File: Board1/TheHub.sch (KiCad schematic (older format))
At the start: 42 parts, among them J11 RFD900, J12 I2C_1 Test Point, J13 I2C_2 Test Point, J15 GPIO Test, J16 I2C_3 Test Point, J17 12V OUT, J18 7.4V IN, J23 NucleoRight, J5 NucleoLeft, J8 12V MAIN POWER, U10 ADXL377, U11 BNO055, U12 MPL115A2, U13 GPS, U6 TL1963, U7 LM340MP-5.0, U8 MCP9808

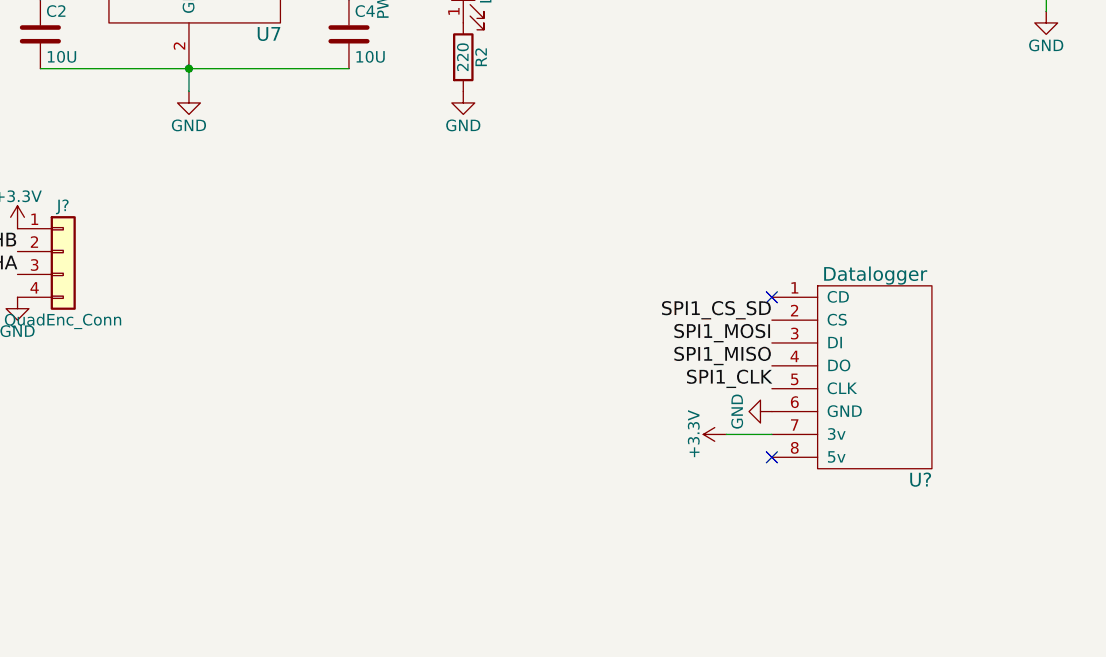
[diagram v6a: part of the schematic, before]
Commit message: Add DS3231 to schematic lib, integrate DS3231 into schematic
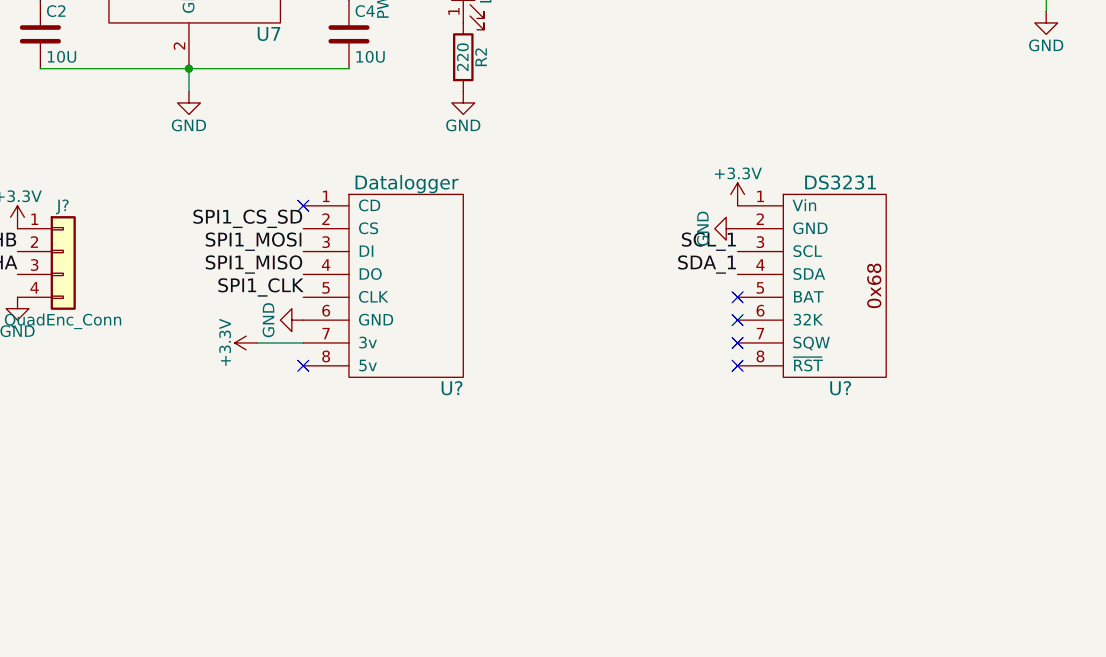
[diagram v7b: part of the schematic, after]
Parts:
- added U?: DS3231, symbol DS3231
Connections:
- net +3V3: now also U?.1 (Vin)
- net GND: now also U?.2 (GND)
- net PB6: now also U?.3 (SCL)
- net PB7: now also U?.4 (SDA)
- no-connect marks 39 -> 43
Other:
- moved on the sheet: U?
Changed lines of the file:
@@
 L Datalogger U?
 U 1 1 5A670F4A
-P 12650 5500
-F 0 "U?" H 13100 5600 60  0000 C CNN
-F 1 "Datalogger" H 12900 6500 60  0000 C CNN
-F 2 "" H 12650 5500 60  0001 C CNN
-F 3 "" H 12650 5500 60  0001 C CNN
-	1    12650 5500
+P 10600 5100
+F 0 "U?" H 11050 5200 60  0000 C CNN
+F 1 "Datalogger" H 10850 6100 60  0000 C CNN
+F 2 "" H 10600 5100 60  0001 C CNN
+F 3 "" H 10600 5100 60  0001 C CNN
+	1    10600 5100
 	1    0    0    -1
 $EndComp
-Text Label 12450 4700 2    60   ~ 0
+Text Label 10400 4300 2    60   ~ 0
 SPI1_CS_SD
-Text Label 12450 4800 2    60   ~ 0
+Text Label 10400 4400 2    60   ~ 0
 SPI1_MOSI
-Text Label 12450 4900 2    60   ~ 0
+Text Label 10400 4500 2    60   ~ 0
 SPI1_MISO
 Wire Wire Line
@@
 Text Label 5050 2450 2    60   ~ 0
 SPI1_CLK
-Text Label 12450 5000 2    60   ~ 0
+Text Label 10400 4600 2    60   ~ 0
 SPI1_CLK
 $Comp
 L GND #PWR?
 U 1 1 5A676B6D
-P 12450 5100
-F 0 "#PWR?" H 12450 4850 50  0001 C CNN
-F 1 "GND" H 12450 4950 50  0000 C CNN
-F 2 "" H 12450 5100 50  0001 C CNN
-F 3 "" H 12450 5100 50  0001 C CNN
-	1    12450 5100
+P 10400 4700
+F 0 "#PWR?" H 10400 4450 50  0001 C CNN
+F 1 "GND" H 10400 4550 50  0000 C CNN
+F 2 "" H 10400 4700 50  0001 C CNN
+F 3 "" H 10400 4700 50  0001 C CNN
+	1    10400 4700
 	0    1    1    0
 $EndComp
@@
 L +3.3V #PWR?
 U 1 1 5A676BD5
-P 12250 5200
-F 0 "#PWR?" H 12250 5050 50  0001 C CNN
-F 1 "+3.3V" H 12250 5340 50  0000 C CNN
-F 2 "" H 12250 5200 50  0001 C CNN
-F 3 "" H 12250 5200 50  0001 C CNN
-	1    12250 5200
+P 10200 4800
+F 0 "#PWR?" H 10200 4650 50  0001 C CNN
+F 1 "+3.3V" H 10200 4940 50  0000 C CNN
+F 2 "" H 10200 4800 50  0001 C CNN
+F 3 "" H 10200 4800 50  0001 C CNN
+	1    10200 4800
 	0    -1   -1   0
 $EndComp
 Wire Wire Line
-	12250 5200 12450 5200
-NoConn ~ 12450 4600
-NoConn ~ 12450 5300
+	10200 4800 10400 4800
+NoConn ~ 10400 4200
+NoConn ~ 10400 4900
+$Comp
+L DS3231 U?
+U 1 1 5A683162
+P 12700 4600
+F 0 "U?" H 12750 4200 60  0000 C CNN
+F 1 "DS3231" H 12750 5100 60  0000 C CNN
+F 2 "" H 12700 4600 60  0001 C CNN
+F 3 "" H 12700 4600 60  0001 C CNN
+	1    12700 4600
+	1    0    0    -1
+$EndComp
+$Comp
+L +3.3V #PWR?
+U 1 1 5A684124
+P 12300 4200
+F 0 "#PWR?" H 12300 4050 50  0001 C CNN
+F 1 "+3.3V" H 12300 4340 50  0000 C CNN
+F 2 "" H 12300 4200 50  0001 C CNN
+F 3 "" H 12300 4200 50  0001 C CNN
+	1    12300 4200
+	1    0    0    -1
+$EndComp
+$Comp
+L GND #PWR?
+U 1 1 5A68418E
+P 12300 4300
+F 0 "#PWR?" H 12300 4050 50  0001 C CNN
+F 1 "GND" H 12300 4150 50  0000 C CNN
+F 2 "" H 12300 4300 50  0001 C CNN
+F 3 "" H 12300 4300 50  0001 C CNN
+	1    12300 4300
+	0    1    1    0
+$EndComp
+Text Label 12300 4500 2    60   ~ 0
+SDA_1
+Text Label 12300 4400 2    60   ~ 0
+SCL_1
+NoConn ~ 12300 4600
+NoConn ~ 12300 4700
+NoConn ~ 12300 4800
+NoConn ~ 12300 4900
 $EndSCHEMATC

§ **TASK DIRECTIONS**: Set down the records in full and exactly. Do not carry over any image.

§ **SOLUTION FOR THIS TASK**:
File: Board1/TheHub.sch (KiCad schematic (older format))
At the start: 42 parts, among them J11 RFD900, J12 I2C_1 Test Point, J13 I2C_2 Test Point, J15 GPIO Test, J16 I2C_3 Test Point, J17 12V OUT, J18 7.4V IN, J23 NucleoRight, J5 NucleoLeft, J8 12V MAIN POWER, U10 ADXL377, U11 BNO055, U12 MPL115A2, U13 GPS, U6 TL1963, U7 LM340MP-5.0, U8 MCP9808

[diagram v6a: part of the schematic, before]
Commit message: Add DS3231 to schematic lib, integrate DS3231 into schematic
[diagram v7b: part of the schematic, after]
Parts:
- added U?: DS3231, symbol DS3231
Connections:
- net +3V3: now also U?.1 (Vin)
- net GND: now also U?.2 (GND)
- net PB6: now also U?.3 (SCL)
- net PB7: now also U?.4 (SDA)
- no-connect marks 39 -> 43
Other:
- moved on the sheet: U?
Changed lines of the file:
@@
 L Datalogger U?
 U 1 1 5A670F4A
-P 12650 5500
-F 0 "U?" H 13100 5600 60  0000 C CNN
-F 1 "Datalogger" H 12900 6500 60  0000 C CNN
-F 2 "" H 12650 5500 60  0001 C CNN
-F 3 "" H 12650 5500 60  0001 C CNN
-	1    12650 5500
+P 10600 5100
+F 0 "U?" H 11050 5200 60  0000 C CNN
+F 1 "Datalogger" H 10850 6100 60  0000 C CNN
+F 2 "" H 10600 5100 60  0001 C CNN
+F 3 "" H 10600 5100 60  0001 C CNN
+	1    10600 5100
 	1    0    0    -1
 $EndComp
-Text Label 12450 4700 2    60   ~ 0
+Text Label 10400 4300 2    60   ~ 0
 SPI1_CS_SD
-Text Label 12450 4800 2    60   ~ 0
+Text Label 10400 4400 2    60   ~ 0
 SPI1_MOSI
-Text Label 12450 4900 2    60   ~ 0
+Text Label 10400 4500 2    60   ~ 0
 SPI1_MISO
 Wire Wire Line
@@
 Text Label 5050 2450 2    60   ~ 0
 SPI1_CLK
-Text Label 12450 5000 2    60   ~ 0
+Text Label 10400 4600 2    60   ~ 0
 SPI1_CLK
 $Comp
 L GND #PWR?
 U 1 1 5A676B6D
-P 12450 5100
-F 0 "#PWR?" H 12450 4850 50  0001 C CNN
-F 1 "GND" H 12450 4950 50  0000 C CNN
-F 2 "" H 12450 5100 50  0001 C CNN
-F 3 "" H 12450 5100 50  0001 C CNN
-	1    12450 5100
+P 10400 4700
+F 0 "#PWR?" H 10400 4450 50  0001 C CNN
+F 1 "GND" H 10400 4550 50  0000 C CNN
+F 2 "" H 10400 4700 50  0001 C CNN
+F 3 "" H 10400 4700 50  0001 C CNN
+	1    10400 4700
 	0    1    1    0
 $EndComp
@@
 L +3.3V #PWR?
 U 1 1 5A676BD5
-P 12250 5200
-F 0 "#PWR?" H 12250 5050 50  0001 C CNN
-F 1 "+3.3V" H 12250 5340 50  0000 C CNN
-F 2 "" H 12250 5200 50  0001 C CNN
-F 3 "" H 12250 5200 50  0001 C CNN
-	1    12250 5200
+P 10200 4800
+F 0 "#PWR?" H 10200 4650 50  0001 C CNN
+F 1 "+3.3V" H 10200 4940 50  0000 C CNN
+F 2 "" H 10200 4800 50  0001 C CNN
+F 3 "" H 10200 4800 50  0001 C CNN
+	1    10200 4800
 	0    -1   -1   0
 $EndComp
 Wire Wire Line
-	12250 5200 12450 5200
-NoConn ~ 12450 4600
-NoConn ~ 12450 5300
+	10200 4800 10400 4800
+NoConn ~ 10400 4200
+NoConn ~ 10400 4900
+$Comp
+L DS3231 U?
+U 1 1 5A683162
+P 12700 4600
+F 0 "U?" H 12750 4200 60  0000 C CNN
+F 1 "DS3231" H 12750 5100 60  0000 C CNN
+F 2 "" H 12700 4600 60  0001 C CNN
+F 3 "" H 12700 4600 60  0001 C CNN
+	1    12700 4600
+	1    0    0    -1
+$EndComp
+$Comp
+L +3.3V #PWR?
+U 1 1 5A684124
+P 12300 4200
+F 0 "#PWR?" H 12300 4050 50  0001 C CNN
+F 1 "+3.3V" H 12300 4340 50  0000 C CNN
+F 2 "" H 12300 4200 50  0001 C CNN
+F 3 "" H 12300 4200 50  0001 C CNN
+	1    12300 4200
+	1    0    0    -1
+$EndComp
+$Comp
+L GND #PWR?
+U 1 1 5A68418E
+P 12300 4300
+F 0 "#PWR?" H 12300 4050 50  0001 C CNN
+F 1 "GND" H 12300 4150 50  0000 C CNN
+F 2 "" H 12300 4300 50  0001 C CNN
+F 3 "" H 12300 4300 50  0001 C CNN
+	1    12300 4300
+	0    1    1    0
+$EndComp
+Text Label 12300 4500 2    60   ~ 0
+SDA_1
+Text Label 12300 4400 2    60   ~ 0
+SCL_1
+NoConn ~ 12300 4600
+NoConn ~ 12300 4700
+NoConn ~ 12300 4800
+NoConn ~ 12300 4900
 $EndSCHEMATC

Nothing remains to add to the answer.